Structure determination for the holo PltM–FAD complex

Wild-type PltM and the L111Y mutant (each at 40 mg/mL) were crystallized by using the reservoir solution composed of 0.1 M Tris, pH 8, 0.2 M NaBr, 0.1 M CaCl2, and 14% PEG 8000 (10% PEG 8000 in case of the PltM L111Y mutant). The crystals were gradually transferred to the cryoprotectant solution (0.1 M Tris, pH 8, 0.2 M NaBr, 1 mM FAD, 16% PEG 8000 (14% PEG 8000 for the PltM L111Y mutant), 20% PEG 400 and 1 mM FAD) and incubated overnight. Prior to rapid freezing via liquid nitrogen, crystals were briefly transferred to the cryoprotectant solution containing additionally 0.2 M sodium dithionite. The crystal structures were determined by a procedure analogous to that described above.

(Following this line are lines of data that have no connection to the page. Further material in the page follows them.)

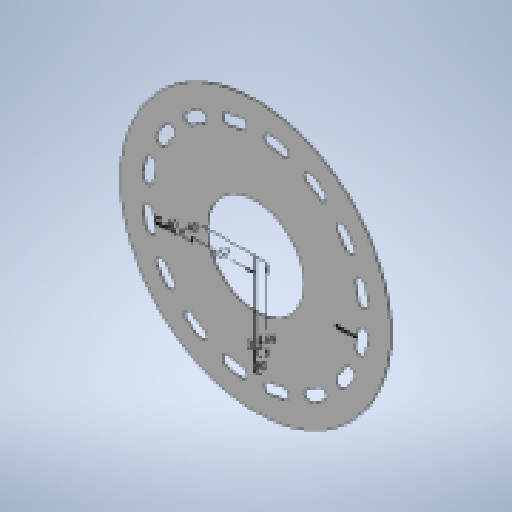
# Autodesk Inventor part: DMF 2.1 01 45 Gear ring 5
Saved by Autodesk Inventor 2026.2 (Build 302298000, 298)
## iProperties
Created: 2024-04-30
Part Number: DMF 2.1 01 45 Gear ring 5
Material: Generic
Document SubType Name: Sheet Metal
Designer: admin
Stock Number: Барабан_Сектор_Усилителя
Density: 1 g/cm^3
Sheet Metal Rule: Default
Sheet Metal Width: 0,000 mm
Sheet Metal Length: 0,000 mm
Sheet Metal Area: 0,000 mm^2
Appearance: Default
Author: pokla
Autodesk Inventor part; units mm, degrees
ref_plane "YZ Plane" through (0, 0, 0) normal (1, 0, 0) x (0, 1, 0)
ref_plane "XZ Plane" through (0, 0, 0) normal (0, 1, 0) x (-1, 0, 0)
ref_plane "XY Plane" through (0, 0, 0) normal (0, 0, 1) x (1, 0, 0)
sketch "Sketch1" plane through (0, 0, 0) normal (0, 0, 1) x (1, 0, 0)
  circle A0 centre (0, 0) radius 100
  circle A1 centre (0, 0) radius 280
  circle A2 centre (0, 0) radius 225 construction
  line L0 (-161.6581, -280) -> (-323.3162, 0)
  line L1 (-323.3162, 0) -> (-161.6581, 280)
  line L2 (-161.6581, 280) -> (161.6581, 280)
  line L3 (161.6581, 280) -> (323.3162, 0)
  line L4 (323.3162, 0) -> (161.6581, -280)
  line L5 (161.6581, -280) -> (-161.6581, -280)
  arc A3 (-28.3948, 223.2011) -> (-59.182, 217.0771) centre (0, 0) ccw construction
  arc A4 (-29.783, 234.1132) -> (-62.0754, 227.6898) centre (0, 0) ccw
  arc A5 (-27.0066, 212.2891) -> (-56.2887, 206.4645) centre (0, 0) ccw
  arc A6 (-27.0066, 212.2891) -> (-29.783, 234.1132) centre (-28.3948, 223.2011) ccw
  arc A7 (-62.0754, 227.6898) -> (-56.2887, 206.4645) centre (-59.182, 217.0771) ccw
  line L6 (-28.3948, 223.2011) -> (0, 0) construction
  line L7 (-59.182, 217.0771) -> (0, 0) construction
  line L8 (0, 0) -> (0, 100) construction
  line L9 (-43.8953, 220.6767) -> (0, 0) construction
  arc A8 (-106.1903, 185.7945) -> (-131.0145, 169.2076) centre (0, 0) ccw
  arc A9 (-106.1903, 185.7945) -> (-117.1071, 204.8949) centre (-111.6487, 195.3447) ccw
  arc A10 (-144.4833, 186.6027) -> (-131.0145, 169.2076) centre (-137.7489, 177.9052) ccw
  arc A11 (-117.1071, 204.8949) -> (-144.4833, 186.6027) centre (0, 0) ccw
  arc A12 (-111.6487, 195.3447) -> (-137.7489, 177.9052) centre (0, 0) ccw construction
  arc A13 (-169.2076, 131.0145) -> (-185.7945, 106.1903) centre (0, 0) ccw
  arc A14 (-169.2076, 131.0145) -> (-186.6027, 144.4833) centre (-177.9052, 137.7489) ccw
  arc A15 (-204.8949, 117.1071) -> (-185.7945, 106.1903) centre (-195.3447, 111.6487) ccw
  arc A16 (-186.6027, 144.4833) -> (-204.8949, 117.1071) centre (0, 0) ccw
  arc A17 (-177.9052, 137.7489) -> (-195.3447, 111.6487) centre (0, 0) ccw construction
  arc A18 (-206.4645, 56.2887) -> (-212.2891, 27.0066) centre (0, 0) ccw
  arc A19 (-206.4645, 56.2887) -> (-227.6898, 62.0754) centre (-217.0771, 59.182) ccw
  arc A20 (-234.1132, 29.783) -> (-212.2891, 27.0066) centre (-223.2011, 28.3948) ccw
  arc A21 (-227.6898, 62.0754) -> (-234.1132, 29.783) centre (0, 0) ccw
  arc A22 (-217.0771, 59.182) -> (-223.2011, 28.3948) centre (0, 0) ccw construction
  arc A23 (-212.2891, -27.0066) -> (-206.4645, -56.2887) centre (0, 0) ccw
  arc A24 (-212.2891, -27.0066) -> (-234.1132, -29.783) centre (-223.2011, -28.3948) ccw
  arc A25 (-227.6898, -62.0754) -> (-206.4645, -56.2887) centre (-217.0771, -59.182) ccw
  arc A26 (-234.1132, -29.783) -> (-227.6898, -62.0754) centre (0, 0) ccw
  arc A27 (-223.2011, -28.3948) -> (-217.0771, -59.182) centre (0, 0) ccw construction
  arc A28 (-185.7945, -106.1903) -> (-169.2076, -131.0145) centre (0, 0) ccw
  arc A29 (-185.7945, -106.1903) -> (-204.8949, -117.1071) centre (-195.3447, -111.6487) ccw
  arc A30 (-186.6027, -144.4833) -> (-169.2076, -131.0145) centre (-177.9052, -137.7489) ccw
  arc A31 (-204.8949, -117.1071) -> (-186.6027, -144.4833) centre (0, 0) ccw
  arc A32 (-195.3447, -111.6487) -> (-177.9052, -137.7489) centre (0, 0) ccw construction
  arc A33 (-131.0145, -169.2076) -> (-106.1903, -185.7945) centre (0, 0) ccw
  arc A34 (-131.0145, -169.2076) -> (-144.4833, -186.6027) centre (-137.7489, -177.9052) ccw
  arc A35 (-117.1071, -204.8949) -> (-106.1903, -185.7945) centre (-111.6487, -195.3447) ccw
  arc A36 (-144.4833, -186.6027) -> (-117.1071, -204.8949) centre (0, 0) ccw
  arc A37 (-137.7489, -177.9052) -> (-111.6487, -195.3447) centre (0, 0) ccw construction
  arc A38 (-56.2887, -206.4645) -> (-27.0066, -212.2891) centre (0, 0) ccw
  arc A39 (-56.2887, -206.4645) -> (-62.0754, -227.6898) centre (-59.182, -217.0771) ccw
  arc A40 (-29.783, -234.1132) -> (-27.0066, -212.2891) centre (-28.3948, -223.2011) ccw
  arc A41 (-62.0754, -227.6898) -> (-29.783, -234.1132) centre (0, 0) ccw
  arc A42 (-59.182, -217.0771) -> (-28.3948, -223.2011) centre (0, 0) ccw construction
  arc A43 (27.0066, -212.2891) -> (56.2887, -206.4645) centre (0, 0) ccw
  arc A44 (27.0066, -212.2891) -> (29.783, -234.1132) centre (28.3948, -223.2011) ccw
  arc A45 (62.0754, -227.6898) -> (56.2887, -206.4645) centre (59.182, -217.0771) ccw
  arc A46 (29.783, -234.1132) -> (62.0754, -227.6898) centre (0, 0) ccw
  arc A47 (28.3948, -223.2011) -> (59.182, -217.0771) centre (0, 0) ccw construction
  arc A48 (106.1903, -185.7945) -> (131.0145, -169.2076) centre (0, 0) ccw
  arc A49 (106.1903, -185.7945) -> (117.1071, -204.8949) centre (111.6487, -195.3447) ccw
  arc A50 (144.4833, -186.6027) -> (131.0145, -169.2076) centre (137.7489, -177.9052) ccw
  arc A51 (117.1071, -204.8949) -> (144.4833, -186.6027) centre (0, 0) ccw
  arc A52 (111.6487, -195.3447) -> (137.7489, -177.9052) centre (0, 0) ccw construction
  arc A53 (169.2076, -131.0145) -> (185.7945, -106.1903) centre (0, 0) ccw
  arc A54 (169.2076, -131.0145) -> (186.6027, -144.4833) centre (177.9052, -137.7489) ccw
  arc A55 (204.8949, -117.1071) -> (185.7945, -106.1903) centre (195.3447, -111.6487) ccw
  arc A56 (186.6027, -144.4833) -> (204.8949, -117.1071) centre (0, 0) ccw
  arc A57 (177.9052, -137.7489) -> (195.3447, -111.6487) centre (0, 0) ccw construction
  arc A58 (206.4645, -56.2887) -> (212.2891, -27.0066) centre (0, 0) ccw
  arc A59 (206.4645, -56.2887) -> (227.6898, -62.0754) centre (217.0771, -59.182) ccw
  arc A60 (234.1132, -29.783) -> (212.2891, -27.0066) centre (223.2011, -28.3948) ccw
  arc A61 (227.6898, -62.0754) -> (234.1132, -29.783) centre (0, 0) ccw
  arc A62 (217.0771, -59.182) -> (223.2011, -28.3948) centre (0, 0) ccw construction
  arc A63 (212.2891, 27.0066) -> (206.4645, 56.2887) centre (0, 0) ccw
  arc A64 (212.2891, 27.0066) -> (234.1132, 29.783) centre (223.2011, 28.3948) ccw
  arc A65 (227.6898, 62.0754) -> (206.4645, 56.2887) centre (217.0771, 59.182) ccw
  arc A66 (234.1132, 29.783) -> (227.6898, 62.0754) centre (0, 0) ccw
  arc A67 (223.2011, 28.3948) -> (217.0771, 59.182) centre (0, 0) ccw construction
  arc A68 (185.7945, 106.1903) -> (169.2076, 131.0145) centre (0, 0) ccw
  arc A69 (185.7945, 106.1903) -> (204.8949, 117.1071) centre (195.3447, 111.6487) ccw
  arc A70 (186.6027, 144.4833) -> (169.2076, 131.0145) centre (177.9052, 137.7489) ccw
  arc A71 (204.8949, 117.1071) -> (186.6027, 144.4833) centre (0, 0) ccw
  arc A72 (195.3447, 111.6487) -> (177.9052, 137.7489) centre (0, 0) ccw construction
  arc A73 (131.0145, 169.2076) -> (106.1903, 185.7945) centre (0, 0) ccw
  arc A74 (131.0145, 169.2076) -> (144.4833, 186.6027) centre (137.7489, 177.9052) ccw
  arc A75 (117.1071, 204.8949) -> (106.1903, 185.7945) centre (111.6487, 195.3447) ccw
  arc A76 (144.4833, 186.6027) -> (117.1071, 204.8949) centre (0, 0) ccw
  arc A77 (137.7489, 177.9052) -> (111.6487, 195.3447) centre (0, 0) ccw construction
  arc A78 (56.2887, 206.4645) -> (27.0066, 212.2891) centre (0, 0) ccw
  arc A79 (56.2887, 206.4645) -> (62.0754, 227.6898) centre (59.182, 217.0771) ccw
  arc A80 (29.783, 234.1132) -> (27.0066, 212.2891) centre (28.3948, 223.2011) ccw
  arc A81 (62.0754, 227.6898) -> (29.783, 234.1132) centre (0, 0) ccw
  arc A82 (59.182, 217.0771) -> (28.3948, 223.2011) centre (0, 0) ccw construction
  point P0 (0, -280)
  point P1 (242.4871, 140)
  point P2 (-242.4871, 140)
  point P3 (-125.0033, 187.0807)
  point P4 (-187.0807, 125.0033)
  point P5 (-220.6767, 43.8953)
  point P6 (-220.6767, -43.8953)
  point P7 (-187.0807, -125.0033)
  point P8 (-125.0033, -187.0807)
  point P9 (-43.8953, -220.6767)
  point P10 (43.8953, -220.6767)
  point P11 (125.0033, -187.0807)
  point P12 (187.0807, -125.0033)
  point P13 (220.6767, -43.8953)
  point P14 (220.6767, 43.8953)
  point P15 (187.0807, 125.0033)
  point P16 (125.0033, 187.0807)
  point P17 (43.8953, 220.6767)
  dimension "d31" = 560
  dimension "d32" = 200
  dimension "d39" = 450
  dimension "d56" = 11
  dimension "d57" = 8
  dimension "d58" = 11.25
  dimension "d61" = 360
  measures "d56" radius of A7
  measures "d57" angle of L7 L6
  measures "d58" angle of L8 L9
extrude "Plate4" add sketch "Sketch1" along normal blind 2 contours A1
sketch "Sketch5" plane through (0, 0, 2) normal (0, 0, 1) x (1, 0, 0)
  line L0 (-1.6, -169) -> (1.6, -169)
  line L1 (1.6, -169) -> (1.6, -209)
  line L2 (1.6, -209) -> (-1.6, -209)
  line L3 (-1.6, -209) -> (-1.6, -169)
  line L4 (-207, -40) -> (-167, -40)
  line L5 (-167, -40) -> (-167, -43.2)
  line L6 (-167, -43.2) -> (-207, -43.2)
  line L7 (-207, -43.2) -> (-207, -40)
  line L8 (0, 0) -> (0, -169)
  line L9 (167, -40) -> (207, -40)
  line L10 (207, -40) -> (207, -43.2)
  line L11 (207, -43.2) -> (167, -43.2)
  line L12 (167, -43.2) -> (167, -40)
  dimension "d74" = 3.2
  dimension "d75" = 40
  dimension "d76" = 40
  dimension "d77" = 40
  dimension "d78" = 167
  dimension "d79" = 169
  constraints: 26 end point, 6 parallel, 3 equal length, 3 horizontal, 3 perpendicular, 1 collinear, 1 midpoint, 1 vertical, 1 other
  measures "d74" distance of L0.start L0.end
  measures "d75" distance of L0.end L1.end
  measures "d76" distance of L4.start L4.end
  measures "d77" distance from line of L8.start L4
  measures "d78" distance between parallel lines of L8 L5
  measures "d79" distance from line of L0 L8.start
mark "Mark1"
equation "\"d31\" = Колесо_диам3_борт_ступицы"
equation "\"d63\" = Thickness"
equation "\"BendRadius\" = Thickness"
equation "\"BendReliefWidth\" = Thickness"
equation "\"BendReliefDepth\" = 0.5 * Thickness"
equation "\"CornerReliefSize\" = 4 * Thickness"
equation "\"MinimumRemnant\" = 2 * Thickness"
equation "\"TransitionRadius\" = BendRadius"
equation "\"JacobiRadiusSize\" = BendRadius"
equation "\"GapSize\" = Thickness"
equation "\"Колесо_диам3_борт_ступицы\" = 560"
equation "\"Thickness\" = 2"
body "Solid3"

Structure determination for PltM–FAD–phloroglucinol complex

Native crystals of PltM were transferred to reservoir solution with 0.5 mM FAD either without or with 1 mM of phloroglucinol for 10 min, then to the cryoprotectant with the same composition, additionally containing 20% v/v PEG 400. After an overnight incubation, the crystals were rapidly frozen in liquid nitrogen. We tested compounds 1, 2, 3, 8, 21, 23, and 24. Data collection, processing, and structure determination were carried out as described above. FAD was clearly discernable in the omit FoFc electron density map. Out of all substrates tested, only compound 1 (phloroglucinol) yielded omit FoFc electron density. Phloroglucinol was built into a very strong and featureful polder omit mFoDFc electron density25 in three out of four substrate binding sites in the asymmetric unit (Fig. 4b in the main text).